## Task goal
Type the entries out once more. Match them exactly.
[Start of section]
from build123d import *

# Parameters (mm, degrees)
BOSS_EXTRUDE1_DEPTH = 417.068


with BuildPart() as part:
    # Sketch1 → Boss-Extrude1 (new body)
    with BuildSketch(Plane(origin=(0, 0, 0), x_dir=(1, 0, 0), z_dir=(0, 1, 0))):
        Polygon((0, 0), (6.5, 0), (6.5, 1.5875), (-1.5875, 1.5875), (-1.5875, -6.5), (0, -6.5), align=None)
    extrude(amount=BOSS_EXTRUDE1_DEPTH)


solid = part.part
[End of section]
## Output below
from build123d import *

# Parameters (mm, degrees)
BOSS_EXTRUDE1_DEPTH = 417.068


with BuildPart() as part:
    # Sketch1 → Boss-Extrude1 (new body)
    with BuildSketch(Plane(origin=(0, 0, 0), x_dir=(1, 0, 0), z_dir=(0, 1, 0))):
        Polygon((0, 0), (6.5, 0), (6.5, 1.5875), (-1.5875, 1.5875), (-1.5875, -6.5), (0, -6.5), align=None)
    extrude(amount=BOSS_EXTRUDE1_DEPTH)


solid = part.part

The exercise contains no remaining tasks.